DeepSeek-R1-Distill-Qwen-1.5B on Orion O6 CPU

Below are my steps to get DeepSeek-R1-Distill-Qwen-1.5B run on Orion O6 CPU

Model Download

Link: - https://www.modelscope.cn/models/deepseek-ai/DeepSeek-R1-Distill-Qwen-1.5B
Save model such as DeepSeek-R1-Distill-Qwen-1.5B

Llama.cpp

Compilation on host x86_64 ubuntu

git clone https://github.com/ggerganov/llama.cpp
cd llama.cpp
git checkout b4641
mkdir build && cd build
cmake -DGGML_LLAMAFILE=OFF ..
make -j

Quantization on host x86_64 ubuntu

Format Conversion

pip install -r requirements.txt
python3 convert_hf_to_gguf.py DeepSeek-R1-Distill-Qwen-1.5B

Quantization

Quantize with Q4_K_M (Will try other methods later)

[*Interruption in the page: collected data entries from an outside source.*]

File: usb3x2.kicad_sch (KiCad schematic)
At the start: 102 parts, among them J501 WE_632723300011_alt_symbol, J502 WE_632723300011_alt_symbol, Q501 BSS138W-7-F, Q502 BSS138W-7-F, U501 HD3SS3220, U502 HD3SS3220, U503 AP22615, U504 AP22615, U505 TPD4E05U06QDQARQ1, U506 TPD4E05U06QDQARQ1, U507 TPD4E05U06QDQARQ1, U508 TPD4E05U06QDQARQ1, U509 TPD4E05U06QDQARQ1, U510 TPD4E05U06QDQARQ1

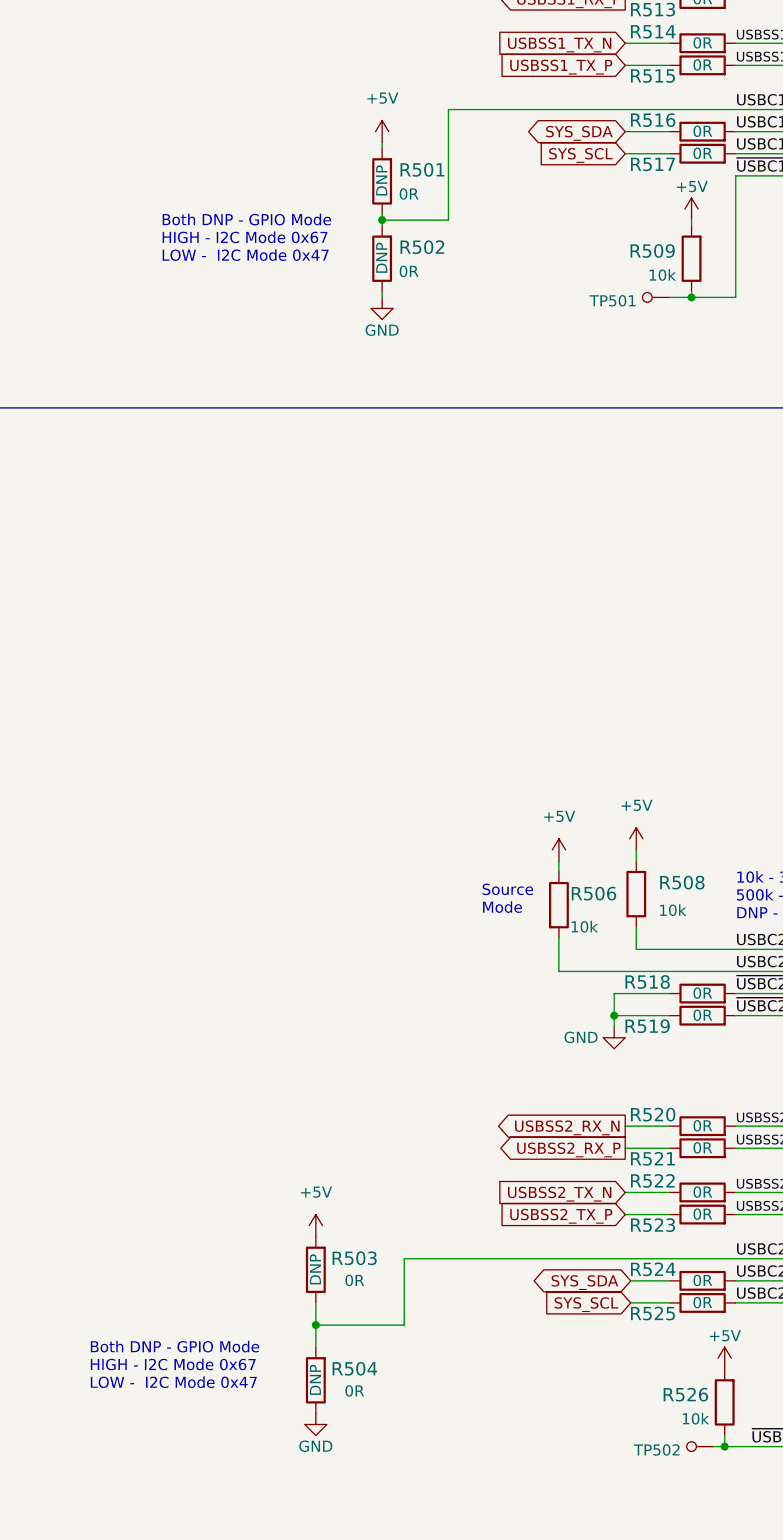
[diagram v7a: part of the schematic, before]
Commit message: Cleaned up the schematic, fixed library issues, annotated schematic
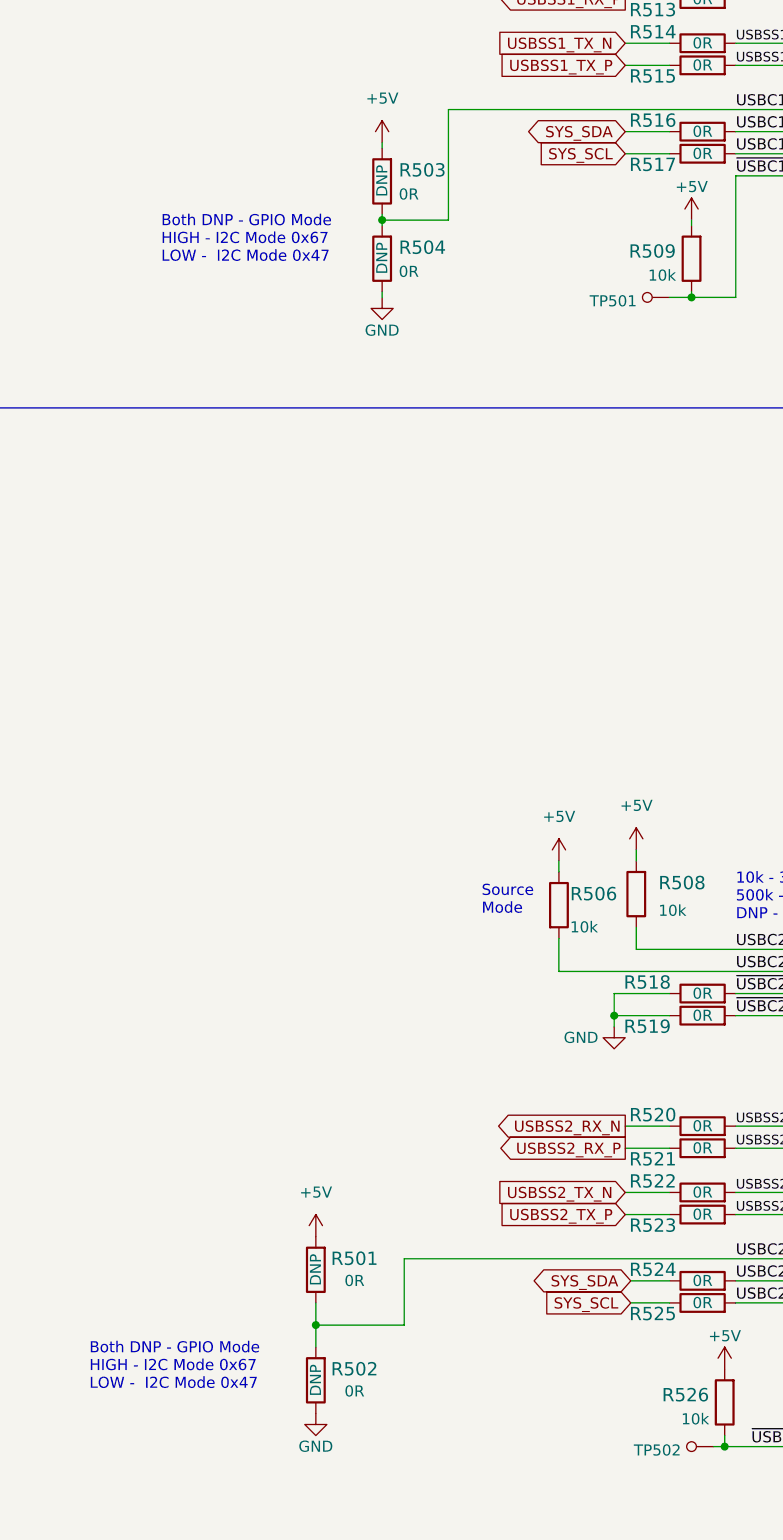
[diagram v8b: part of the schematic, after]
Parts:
- renumbered R503 to R501, R504 to R502, R501 to R503, R502 to R504
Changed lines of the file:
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@@
   (title_block
     (title "Jetson Orin NX Baseboard")
-    (date "2022-09-20")
+    (date "2022-09-28")
+    (rev "0.1.0")
     (company "Antmicro Ltd")
     (comment 1 "www.antmicro.com")
@@
     (pin "1")
   )
-  (symbol (lib_name "TPD4E05U06QDQARQ1_2") (lib_id "antmicroTVSDiodes:TPD4E05U06QDQARQ1") (at 255.27 262.89 270) (unit 1)
+  (symbol (lib_id "antmicroTVSDiodes:TPD4E05U06QDQARQ1") (at 255.27 262.89 270) (unit 1)
     (in_bom yes) (on_board yes)
     (property "Reference" "U508" (id 0) (at 264.16 264.7949 90)
@@
       (effects (font (size 1.27 1.27)) (justify left) hide)
     )
-    (property "Datasheet" "http://www.ti.com/general/docs/lit/getliterature.tsp?genericPartNumber=TPD4E001&fileType=pdf" (id 3) (at 265.43 262.89 0)
+    (property "Datasheet" "https://www.ti.com/lit/ds/symlink/tpd4e05u06-q1.pdf?HQS=dis-mous-null-mousermode-dsf-pf-null-wwe&ts=1663591265741&ref_url=https%253A%252F%252Fwww.mouser.pl%252F" (id 3) (at 265.43 262.89 0)
       (effects (font (size 1.27 1.27)) (justify left) hide)
     )
@@
     (pin "1")
   )
-  (symbol (lib_name "TPD4E05U06QDQARQ1_3") (lib_id "antmicroTVSDiodes:TPD4E05U06QDQARQ1") (at 228.6 262.89 270) (unit 1)
+  (symbol (lib_id "antmicroTVSDiodes:TPD4E05U06QDQARQ1") (at 228.6 262.89 270) (unit 1)
     (in_bom yes) (on_board yes)
     (property "Reference" "U506" (id 0) (at 237.49 264.7949 90)
@@
       (effects (font (size 1.27 1.27)) (justify left) hide)
     )
-    (property "Datasheet" "http://www.ti.com/general/docs/lit/getliterature.tsp?genericPartNumber=TPD4E001&fileType=pdf" (id 3) (at 238.76 262.89 0)
+    (property "Datasheet" "https://www.ti.com/lit/ds/symlink/tpd4e05u06-q1.pdf?HQS=dis-mous-null-mousermode-dsf-pf-null-wwe&ts=1663591265741&ref_url=https%253A%252F%252Fwww.mouser.pl%252F" (id 3) (at 238.76 262.89 0)
       (effects (font (size 1.27 1.27)) (justify left) hide)
     )
@@
   (symbol (lib_id "antmicroResistors0402:R_0R_0402") (at 71.12 131.445 90) (unit 1)
     (in_bom yes) (on_board yes)
-    (property "Reference" "R502" (id 0) (at 73.025 130.175 90)
+    (property "Reference" "R504" (id 0) (at 73.025 130.175 90)
       (effects (font (size 1.524 1.524)) (justify right))
     )
@@
   (symbol (lib_id "power:GND") (at 99.06 87.63 0) (unit 1)
     (in_bom yes) (on_board yes)
-    (property "Reference" "#PWR0507" (id 0) (at 99.06 93.98 0)
+    (property "Reference" "#PWR0508" (id 0) (at 99.06 93.98 0)
       (effects (font (size 1.27 1.27)) hide)
     )
@@
   (symbol (lib_id "power:GND") (at 71.12 135.89 0) (unit 1)
     (in_bom yes) (on_board yes)
-    (property "Reference" "#PWR0502" (id 0) (at 71.12 142.24 0)
+    (property "Reference" "#PWR0504" (id 0) (at 71.12 142.24 0)
       (effects (font (size 1.27 1.27)) hide)
     )
@@
     (pin "2")
   )
-  (symbol (lib_name "TPD4E05U06QDQARQ1_3") (lib_id "antmicroTVSDiodes:TPD4E05U06QDQARQ1") (at 228.6 130.81 270) (unit 1)
+  (symbol (lib_id "antmicroTVSDiodes:TPD4E05U06QDQARQ1") (at 228.6 130.81 270) (unit 1)
     (in_bom yes) (on_board yes)
     (property "Reference" "U505" (id 0) (at 237.49 132.7149 90)
@@
       (effects (font (size 1.27 1.27)) (justify left) hide)
     )
-    (property "Datasheet" "http://www.ti.com/general/docs/lit/getliterature.tsp?genericPartNumber=TPD4E001&fileType=pdf" (id 3) (at 238.76 130.81 0)
+    (property "Datasheet" "https://www.ti.com/lit/ds/symlink/tpd4e05u06-q1.pdf?HQS=dis-mous-null-mousermode-dsf-pf-null-wwe&ts=1663591265741&ref_url=https%253A%252F%252Fwww.mouser.pl%252F" (id 3) (at 238.76 130.81 0)
       (effects (font (size 1.27 1.27)) (justify left) hide)
     )
@@
     (pin "1")
   )
-  (symbol (lib_id "crosslink-nx-video-converter:GND") (at 289.56 194.31 0) (unit 1)
+  (symbol (lib_id "power:GND") (at 289.56 194.31 0) (unit 1)
     (in_bom yes) (on_board yes)
     (property "Reference" "#PWR0551" (id 0) (at 289.56 200.66 0)
@@
     )
     (property "Value" "GND" (id 1) (at 289.56 198.12 0))
-    (property "Footprint" "crosslink-nx-video-converter-footprints:" (id 2) (at 289.56 194.31 0)
+    (property "Footprint" "" (id 2) (at 289.56 194.31 0)
       (effects (font (size 1.27 1.27)) hide)
     )
@@
     (pin "2")
   )
-  (symbol (lib_name "TPD4E05U06QDQARQ1_2") (lib_id "antmicroTVSDiodes:TPD4E05U06QDQARQ1") (at 255.27 130.81 270) (unit 1)
+  (symbol (lib_id "antmicroTVSDiodes:TPD4E05U06QDQARQ1") (at 255.27 130.81 270) (unit 1)
     (in_bom yes) (on_board yes)
     (property "Reference" "U507" (id 0) (at 264.16 132.7149 90)
@@
       (effects (font (size 1.27 1.27)) (justify left) hide)
     )
-    (property "Datasheet" "http://www.ti.com/general/docs/lit/getliterature.tsp?genericPartNumber=TPD4E001&fileType=pdf" (id 3) (at 265.43 130.81 0)
+    (property "Datasheet" "https://www.ti.com/lit/ds/symlink/tpd4e05u06-q1.pdf?HQS=dis-mous-null-mousermode-dsf-pf-null-wwe&ts=1663591265741&ref_url=https%253A%252F%252Fwww.mouser.pl%252F" (id 3) (at 265.43 130.81 0)
       (effects (font (size 1.27 1.27)) (justify left) hide)
     )
@@
   (symbol (lib_id "power:+5V") (at 71.12 118.11 0) (unit 1)
     (in_bom yes) (on_board yes) (fields_autoplaced)
-    (property "Reference" "#PWR0501" (id 0) (at 71.12 121.92 0)
+    (property "Reference" "#PWR0503" (id 0) (at 71.12 121.92 0)
       (effects (font (size 1.27 1.27)) hide)
     )
@@
   (symbol (lib_id "power:+5V") (at 63.5 243.84 0) (unit 1)
     (in_bom yes) (on_board yes) (fields_autoplaced)
-    (property "Reference" "#PWR0503" (id 0) (at 63.5 247.65 0)
+    (property "Reference" "#PWR0501" (id 0) (at 63.5 247.65 0)
       (effects (font (size 1.27 1.27)) hide)
     )
@@
   (symbol (lib_id "antmicroResistors0402:R_0R_0402") (at 71.12 122.555 90) (unit 1)
     (in_bom yes) (on_board yes)
-    (property "Reference" "R501" (id 0) (at 73.025 121.285 90)
+    (property "Reference" "R503" (id 0) (at 73.025 121.285 90)
       (effects (font (size 1.524 1.524)) (justify right))
     )
@@
     (pin "2")
   )
-  (symbol (lib_id "crosslink-nx-video-converter:GND") (at 289.56 62.23 0) (unit 1)
+  (symbol (lib_id "power:GND") (at 289.56 62.23 0) (unit 1)
     (in_bom yes) (on_board yes)
     (property "Reference" "#PWR0550" (id 0) (at 289.56 68.58 0)
@@
     )
     (property "Value" "GND" (id 1) (at 289.56 66.04 0))
-    (property "Footprint" "crosslink-nx-video-converter-footprints:" (id 2) (at 289.56 62.23 0)
+    (property "Footprint" "" (id 2) (at 289.56 62.23 0)
       (effects (font (size 1.27 1.27)) hide)
     )
@@
   (symbol (lib_id "antmicroResistors0402:R_0R_0402") (at 63.5 260.35 90) (unit 1)
     (in_bom yes) (on_board yes)
-    (property "Reference" "R504" (id 0) (at 67.945 259.08 90)
+    (property "Reference" "R502" (id 0) (at 67.945 259.08 90)
       (effects (font (size 1.524 1.524)))
     )
@@
   (symbol (lib_id "antmicroResistors0402:R_0R_0402") (at 63.5 247.65 90) (unit 1)
     (in_bom yes) (on_board yes)
-    (property "Reference" "R503" (id 0) (at 67.945 246.38 90)
+    (property "Reference" "R501" (id 0) (at 67.945 246.38 90)
       (effects (font (size 1.524 1.524)))
     )
@@
     (pin "1")
   )
-  (symbol (lib_name "TPD4E05U06QDQARQ1_1") (lib_id "antmicroTVSDiodes:TPD4E05U06QDQARQ1") (at 256.54 68.58 270) (mirror x) (unit 1)
+  (symbol (lib_id "antmicroTVSDiodes:TPD4E05U06QDQARQ1") (at 256.54 68.58 270) (mirror x) (unit 1)
     (in_bom yes) (on_board yes)
     (property "Reference" "U509" (id 0) (at 264.16 66.04 90)
@@
       (effects (font (size 1.27 1.27)) (justify left) hide)
     )
-    (property "Datasheet" "http://www.ti.com/general/docs/lit/getliterature.tsp?genericPartNumber=TPD4E001&fileType=pdf" (id 3) (at 266.7 68.58 0)
+    (property "Datasheet" "https://www.ti.com/lit/ds/symlink/tpd4e05u06-q1.pdf?HQS=dis-mous-null-mousermode-dsf-pf-null-wwe&ts=1663591265741&ref_url=https%253A%252F%252Fwww.mouser.pl%252F" (id 3) (at 266.7 68.58 0)
       (effects (font (size 1.27 1.27)) (justify left) hide)
     )
@@
   (symbol (lib_id "power:GND") (at 97.79 219.71 0) (unit 1)
     (in_bom yes) (on_board yes)
-    (property "Reference" "#PWR0508" (id 0) (at 97.79 226.06 0)
+    (property "Reference" "#PWR0507" (id 0) (at 97.79 226.06 0)
       (effects (font (size 1.27 1.27)) hide)
     )
@@
     (pin "2")
   )
-  (symbol (lib_name "TPD4E05U06QDQARQ1_1") (lib_id "antmicroTVSDiodes:TPD4E05U06QDQARQ1") (at 256.54 200.66 270) (mirror x) (unit 1)
+  (symbol (lib_id "antmicroTVSDiodes:TPD4E05U06QDQARQ1") (at 256.54 200.66 270) (mirror x) (unit 1)
     (in_bom yes) (on_board yes)
     (property "Reference" "U510" (id 0) (at 264.16 198.12 90)
@@
       (effects (font (size 1.27 1.27)) (justify left) hide)
     )
-    (property "Datasheet" "http://www.ti.com/general/docs/lit/getliterature.tsp?genericPartNumber=TPD4E001&fileType=pdf" (id 3) (at 266.7 200.66 0)
+    (property "Datasheet" "https://www.ti.com/lit/ds/symlink/tpd4e05u06-q1.pdf?HQS=dis-mous-null-mousermode-dsf-pf-null-wwe&ts=1663591265741&ref_url=https%253A%252F%252Fwww.mouser.pl%252F" (id 3) (at 266.7 200.66 0)
       (effects (font (size 1.27 1.27)) (justify left) hide)
     )
@@
   (symbol (lib_id "power:GND") (at 63.5 264.16 0) (unit 1)
     (in_bom yes) (on_board yes)
-    (property "Reference" "#PWR0504" (id 0) (at 63.5 270.51 0)
+    (property "Reference" "#PWR0502" (id 0) (at 63.5 270.51 0)
       (effects (font (size 1.27 1.27)) hide)
     )

./build/bin/llama-quantize DeepSeek-R1-Distill-Qwen-1.5B/DeepSeek-R1-Distill-Qwen-1.5B-F16.gguf DeepSeek-R1-Distill-Qwen-1.5B-Q4_K_M.gguf Q4_K_M

Performance on O6

Runtime

Since the O6 rootfs already have llamacpp integrated, which is great, or I have to run the cross-build again, aha!
We just need to copy DeepSeek-R1-Distill-Qwen-1.5B_Q4_K_M.gguf to O6 rootfs and execute the following command:

taskset -c 0,5,6,7,8,9,10,11 llama-cli -m DeepSeek-R1-Distill-Qwen-1.5B-Q4_K_M.gguf -c 4096 -t 8 -p "Please introduce HongKong in China."

Benchmark

In order to get a better perf, I have set the CPUs to performance governor with below cmd, just need to loop all the cpus which X loops from 0 to 11.

echo performance > /sys/devices/system/cpu/cpu**X**/cpufreq/scaling_governor

The Benchmark cmd is as below:

taskset -c 0,5,6,7,8,9,10,11 llama-bench -m DeepSeek-R1-Distill-Qwen-1.5B-Q4_K_M.gguf -pg 128,128 -t 8
5 Likes

is cix’s model hub applicable also?

yes, just apply from cix ebp program,

support.cixtech.com

Note the Model Hub is also recently available in Github without needing to register with CIX.